* Problem requirements *
Each record should be given again exactly as it appears, with no image included.

[Stored items]
______

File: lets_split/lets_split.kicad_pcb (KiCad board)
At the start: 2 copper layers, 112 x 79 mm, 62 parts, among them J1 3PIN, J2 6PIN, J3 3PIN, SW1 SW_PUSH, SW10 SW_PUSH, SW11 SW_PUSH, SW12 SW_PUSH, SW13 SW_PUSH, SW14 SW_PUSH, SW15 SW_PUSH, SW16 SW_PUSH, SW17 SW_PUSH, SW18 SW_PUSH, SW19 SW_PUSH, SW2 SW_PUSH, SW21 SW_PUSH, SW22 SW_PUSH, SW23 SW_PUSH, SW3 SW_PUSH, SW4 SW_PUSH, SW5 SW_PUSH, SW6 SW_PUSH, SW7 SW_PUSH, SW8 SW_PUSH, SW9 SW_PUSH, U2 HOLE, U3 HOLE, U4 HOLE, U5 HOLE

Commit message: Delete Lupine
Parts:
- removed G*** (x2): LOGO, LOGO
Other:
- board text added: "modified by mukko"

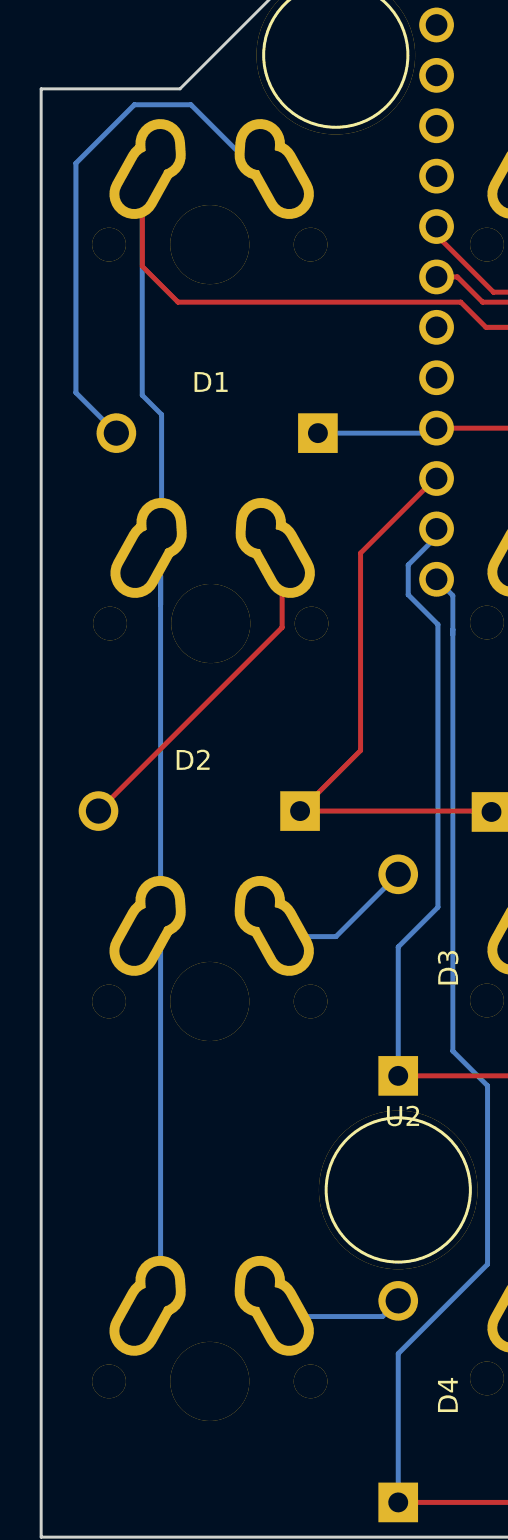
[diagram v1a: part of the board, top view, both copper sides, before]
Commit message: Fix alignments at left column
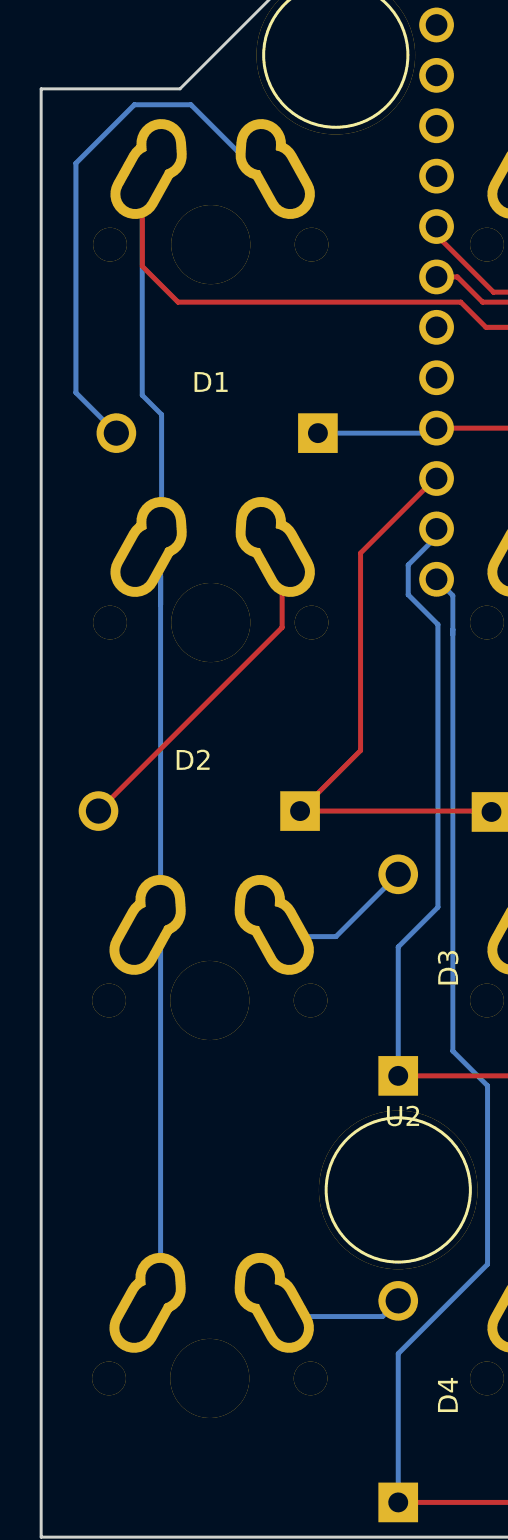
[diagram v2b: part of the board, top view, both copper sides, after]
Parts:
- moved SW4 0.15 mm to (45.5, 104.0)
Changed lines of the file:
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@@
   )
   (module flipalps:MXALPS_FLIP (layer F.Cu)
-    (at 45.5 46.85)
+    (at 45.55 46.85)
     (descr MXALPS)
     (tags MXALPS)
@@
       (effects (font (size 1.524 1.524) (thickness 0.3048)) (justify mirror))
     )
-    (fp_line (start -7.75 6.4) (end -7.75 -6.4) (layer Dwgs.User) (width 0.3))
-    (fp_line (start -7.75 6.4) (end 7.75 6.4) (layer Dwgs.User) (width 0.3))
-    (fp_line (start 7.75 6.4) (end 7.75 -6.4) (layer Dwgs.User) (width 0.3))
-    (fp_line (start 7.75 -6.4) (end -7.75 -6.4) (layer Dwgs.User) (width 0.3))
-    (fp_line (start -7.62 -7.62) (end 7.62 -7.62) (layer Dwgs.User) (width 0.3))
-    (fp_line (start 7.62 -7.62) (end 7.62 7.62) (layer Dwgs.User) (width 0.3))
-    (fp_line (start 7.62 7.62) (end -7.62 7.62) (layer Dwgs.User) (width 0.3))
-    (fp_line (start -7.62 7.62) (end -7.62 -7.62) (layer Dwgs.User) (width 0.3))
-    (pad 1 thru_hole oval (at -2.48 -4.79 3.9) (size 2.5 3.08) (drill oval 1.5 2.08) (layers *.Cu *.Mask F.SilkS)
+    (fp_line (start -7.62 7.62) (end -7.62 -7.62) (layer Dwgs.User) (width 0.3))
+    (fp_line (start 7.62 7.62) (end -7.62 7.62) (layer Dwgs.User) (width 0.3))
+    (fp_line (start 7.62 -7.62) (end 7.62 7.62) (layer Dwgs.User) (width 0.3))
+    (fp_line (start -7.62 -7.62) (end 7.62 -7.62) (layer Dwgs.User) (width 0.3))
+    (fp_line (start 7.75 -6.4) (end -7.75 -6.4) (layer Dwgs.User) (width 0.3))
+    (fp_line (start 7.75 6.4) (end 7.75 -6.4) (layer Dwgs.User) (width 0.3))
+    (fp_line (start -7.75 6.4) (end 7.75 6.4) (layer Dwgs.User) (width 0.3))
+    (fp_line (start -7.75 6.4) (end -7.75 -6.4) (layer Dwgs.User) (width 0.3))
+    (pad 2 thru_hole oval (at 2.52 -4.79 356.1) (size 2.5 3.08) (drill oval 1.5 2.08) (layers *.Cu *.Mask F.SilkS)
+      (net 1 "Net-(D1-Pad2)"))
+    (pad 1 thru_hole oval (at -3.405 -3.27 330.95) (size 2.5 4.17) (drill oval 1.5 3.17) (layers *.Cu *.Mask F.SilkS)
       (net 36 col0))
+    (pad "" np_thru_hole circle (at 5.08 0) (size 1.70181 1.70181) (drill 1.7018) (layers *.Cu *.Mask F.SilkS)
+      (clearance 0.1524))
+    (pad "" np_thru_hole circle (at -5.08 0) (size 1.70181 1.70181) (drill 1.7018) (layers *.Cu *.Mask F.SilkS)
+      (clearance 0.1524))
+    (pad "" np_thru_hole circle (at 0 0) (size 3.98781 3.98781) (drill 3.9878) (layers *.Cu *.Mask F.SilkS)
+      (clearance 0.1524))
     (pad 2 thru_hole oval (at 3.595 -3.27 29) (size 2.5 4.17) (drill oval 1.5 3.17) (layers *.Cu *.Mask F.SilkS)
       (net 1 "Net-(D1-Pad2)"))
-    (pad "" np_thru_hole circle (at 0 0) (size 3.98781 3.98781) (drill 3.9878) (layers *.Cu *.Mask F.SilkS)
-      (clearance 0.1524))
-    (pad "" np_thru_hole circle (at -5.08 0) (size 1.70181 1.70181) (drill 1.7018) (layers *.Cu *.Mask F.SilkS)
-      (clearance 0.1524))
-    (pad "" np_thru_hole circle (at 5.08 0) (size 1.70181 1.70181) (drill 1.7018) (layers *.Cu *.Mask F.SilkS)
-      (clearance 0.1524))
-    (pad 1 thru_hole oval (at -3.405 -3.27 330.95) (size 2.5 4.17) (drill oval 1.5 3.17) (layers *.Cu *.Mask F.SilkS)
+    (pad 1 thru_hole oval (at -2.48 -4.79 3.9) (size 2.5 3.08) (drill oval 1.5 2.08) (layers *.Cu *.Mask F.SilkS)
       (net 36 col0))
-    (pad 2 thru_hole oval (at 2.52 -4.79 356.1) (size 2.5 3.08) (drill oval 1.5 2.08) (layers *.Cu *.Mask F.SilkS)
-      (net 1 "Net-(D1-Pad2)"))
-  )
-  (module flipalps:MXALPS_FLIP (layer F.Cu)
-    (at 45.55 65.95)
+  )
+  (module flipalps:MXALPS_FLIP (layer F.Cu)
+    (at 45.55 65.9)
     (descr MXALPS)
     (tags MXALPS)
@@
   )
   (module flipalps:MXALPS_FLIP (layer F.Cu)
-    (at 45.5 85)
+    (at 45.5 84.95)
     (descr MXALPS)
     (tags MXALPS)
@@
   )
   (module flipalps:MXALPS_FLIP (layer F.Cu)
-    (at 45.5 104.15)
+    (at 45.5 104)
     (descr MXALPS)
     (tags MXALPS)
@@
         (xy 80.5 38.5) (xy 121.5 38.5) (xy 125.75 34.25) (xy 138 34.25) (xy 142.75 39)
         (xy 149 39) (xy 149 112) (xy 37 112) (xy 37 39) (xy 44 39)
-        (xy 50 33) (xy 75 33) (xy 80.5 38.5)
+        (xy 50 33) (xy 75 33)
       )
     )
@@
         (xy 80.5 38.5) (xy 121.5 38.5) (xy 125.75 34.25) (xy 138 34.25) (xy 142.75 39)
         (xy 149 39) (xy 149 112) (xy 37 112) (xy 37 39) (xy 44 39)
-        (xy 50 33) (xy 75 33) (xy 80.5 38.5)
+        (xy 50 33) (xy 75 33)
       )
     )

______

* Solution to this problem *
File: lets_split/lets_split.kicad_pcb (KiCad board)
At the start: 2 copper layers, 112 x 79 mm, 62 parts, among them J1 3PIN, J2 6PIN, J3 3PIN, SW1 SW_PUSH, SW10 SW_PUSH, SW11 SW_PUSH, SW12 SW_PUSH, SW13 SW_PUSH, SW14 SW_PUSH, SW15 SW_PUSH, SW16 SW_PUSH, SW17 SW_PUSH, SW18 SW_PUSH, SW19 SW_PUSH, SW2 SW_PUSH, SW21 SW_PUSH, SW22 SW_PUSH, SW23 SW_PUSH, SW3 SW_PUSH, SW4 SW_PUSH, SW5 SW_PUSH, SW6 SW_PUSH, SW7 SW_PUSH, SW8 SW_PUSH, SW9 SW_PUSH, U2 HOLE, U3 HOLE, U4 HOLE, U5 HOLE

Commit message: Delete Lupine
Parts:
- removed G*** (x2): LOGO, LOGO
Other:
- board text added: "modified by mukko"

[diagram v1a: part of the board, top view, both copper sides, before]
Commit message: Fix alignments at left column
[diagram v2b: part of the board, top view, both copper sides, after]
Parts:
- moved SW4 0.15 mm to (45.5, 104.0)
Changed lines of the file:
@@
   )
   (module flipalps:MXALPS_FLIP (layer F.Cu)
-    (at 45.5 46.85)
+    (at 45.55 46.85)
     (descr MXALPS)
     (tags MXALPS)
@@
       (effects (font (size 1.524 1.524) (thickness 0.3048)) (justify mirror))
     )
-    (fp_line (start -7.75 6.4) (end -7.75 -6.4) (layer Dwgs.User) (width 0.3))
-    (fp_line (start -7.75 6.4) (end 7.75 6.4) (layer Dwgs.User) (width 0.3))
-    (fp_line (start 7.75 6.4) (end 7.75 -6.4) (layer Dwgs.User) (width 0.3))
-    (fp_line (start 7.75 -6.4) (end -7.75 -6.4) (layer Dwgs.User) (width 0.3))
-    (fp_line (start -7.62 -7.62) (end 7.62 -7.62) (layer Dwgs.User) (width 0.3))
-    (fp_line (start 7.62 -7.62) (end 7.62 7.62) (layer Dwgs.User) (width 0.3))
-    (fp_line (start 7.62 7.62) (end -7.62 7.62) (layer Dwgs.User) (width 0.3))
-    (fp_line (start -7.62 7.62) (end -7.62 -7.62) (layer Dwgs.User) (width 0.3))
-    (pad 1 thru_hole oval (at -2.48 -4.79 3.9) (size 2.5 3.08) (drill oval 1.5 2.08) (layers *.Cu *.Mask F.SilkS)
+    (fp_line (start -7.62 7.62) (end -7.62 -7.62) (layer Dwgs.User) (width 0.3))
+    (fp_line (start 7.62 7.62) (end -7.62 7.62) (layer Dwgs.User) (width 0.3))
+    (fp_line (start 7.62 -7.62) (end 7.62 7.62) (layer Dwgs.User) (width 0.3))
+    (fp_line (start -7.62 -7.62) (end 7.62 -7.62) (layer Dwgs.User) (width 0.3))
+    (fp_line (start 7.75 -6.4) (end -7.75 -6.4) (layer Dwgs.User) (width 0.3))
+    (fp_line (start 7.75 6.4) (end 7.75 -6.4) (layer Dwgs.User) (width 0.3))
+    (fp_line (start -7.75 6.4) (end 7.75 6.4) (layer Dwgs.User) (width 0.3))
+    (fp_line (start -7.75 6.4) (end -7.75 -6.4) (layer Dwgs.User) (width 0.3))
+    (pad 2 thru_hole oval (at 2.52 -4.79 356.1) (size 2.5 3.08) (drill oval 1.5 2.08) (layers *.Cu *.Mask F.SilkS)
+      (net 1 "Net-(D1-Pad2)"))
+    (pad 1 thru_hole oval (at -3.405 -3.27 330.95) (size 2.5 4.17) (drill oval 1.5 3.17) (layers *.Cu *.Mask F.SilkS)
       (net 36 col0))
+    (pad "" np_thru_hole circle (at 5.08 0) (size 1.70181 1.70181) (drill 1.7018) (layers *.Cu *.Mask F.SilkS)
+      (clearance 0.1524))
+    (pad "" np_thru_hole circle (at -5.08 0) (size 1.70181 1.70181) (drill 1.7018) (layers *.Cu *.Mask F.SilkS)
+      (clearance 0.1524))
+    (pad "" np_thru_hole circle (at 0 0) (size 3.98781 3.98781) (drill 3.9878) (layers *.Cu *.Mask F.SilkS)
+      (clearance 0.1524))
     (pad 2 thru_hole oval (at 3.595 -3.27 29) (size 2.5 4.17) (drill oval 1.5 3.17) (layers *.Cu *.Mask F.SilkS)
       (net 1 "Net-(D1-Pad2)"))
-    (pad "" np_thru_hole circle (at 0 0) (size 3.98781 3.98781) (drill 3.9878) (layers *.Cu *.Mask F.SilkS)
-      (clearance 0.1524))
-    (pad "" np_thru_hole circle (at -5.08 0) (size 1.70181 1.70181) (drill 1.7018) (layers *.Cu *.Mask F.SilkS)
-      (clearance 0.1524))
-    (pad "" np_thru_hole circle (at 5.08 0) (size 1.70181 1.70181) (drill 1.7018) (layers *.Cu *.Mask F.SilkS)
-      (clearance 0.1524))
-    (pad 1 thru_hole oval (at -3.405 -3.27 330.95) (size 2.5 4.17) (drill oval 1.5 3.17) (layers *.Cu *.Mask F.SilkS)
+    (pad 1 thru_hole oval (at -2.48 -4.79 3.9) (size 2.5 3.08) (drill oval 1.5 2.08) (layers *.Cu *.Mask F.SilkS)
       (net 36 col0))
-    (pad 2 thru_hole oval (at 2.52 -4.79 356.1) (size 2.5 3.08) (drill oval 1.5 2.08) (layers *.Cu *.Mask F.SilkS)
-      (net 1 "Net-(D1-Pad2)"))
-  )
-  (module flipalps:MXALPS_FLIP (layer F.Cu)
-    (at 45.55 65.95)
+  )
+  (module flipalps:MXALPS_FLIP (layer F.Cu)
+    (at 45.55 65.9)
     (descr MXALPS)
     (tags MXALPS)
@@
   )
   (module flipalps:MXALPS_FLIP (layer F.Cu)
-    (at 45.5 85)
+    (at 45.5 84.95)
     (descr MXALPS)
     (tags MXALPS)
@@
   )
   (module flipalps:MXALPS_FLIP (layer F.Cu)
-    (at 45.5 104.15)
+    (at 45.5 104)
     (descr MXALPS)
     (tags MXALPS)
@@
         (xy 80.5 38.5) (xy 121.5 38.5) (xy 125.75 34.25) (xy 138 34.25) (xy 142.75 39)
         (xy 149 39) (xy 149 112) (xy 37 112) (xy 37 39) (xy 44 39)
-        (xy 50 33) (xy 75 33) (xy 80.5 38.5)
+        (xy 50 33) (xy 75 33)
       )
     )
@@
         (xy 80.5 38.5) (xy 121.5 38.5) (xy 125.75 34.25) (xy 138 34.25) (xy 142.75 39)
         (xy 149 39) (xy 149 112) (xy 37 112) (xy 37 39) (xy 44 39)
-        (xy 50 33) (xy 75 33) (xy 80.5 38.5)
+        (xy 50 33) (xy 75 33)
       )
     )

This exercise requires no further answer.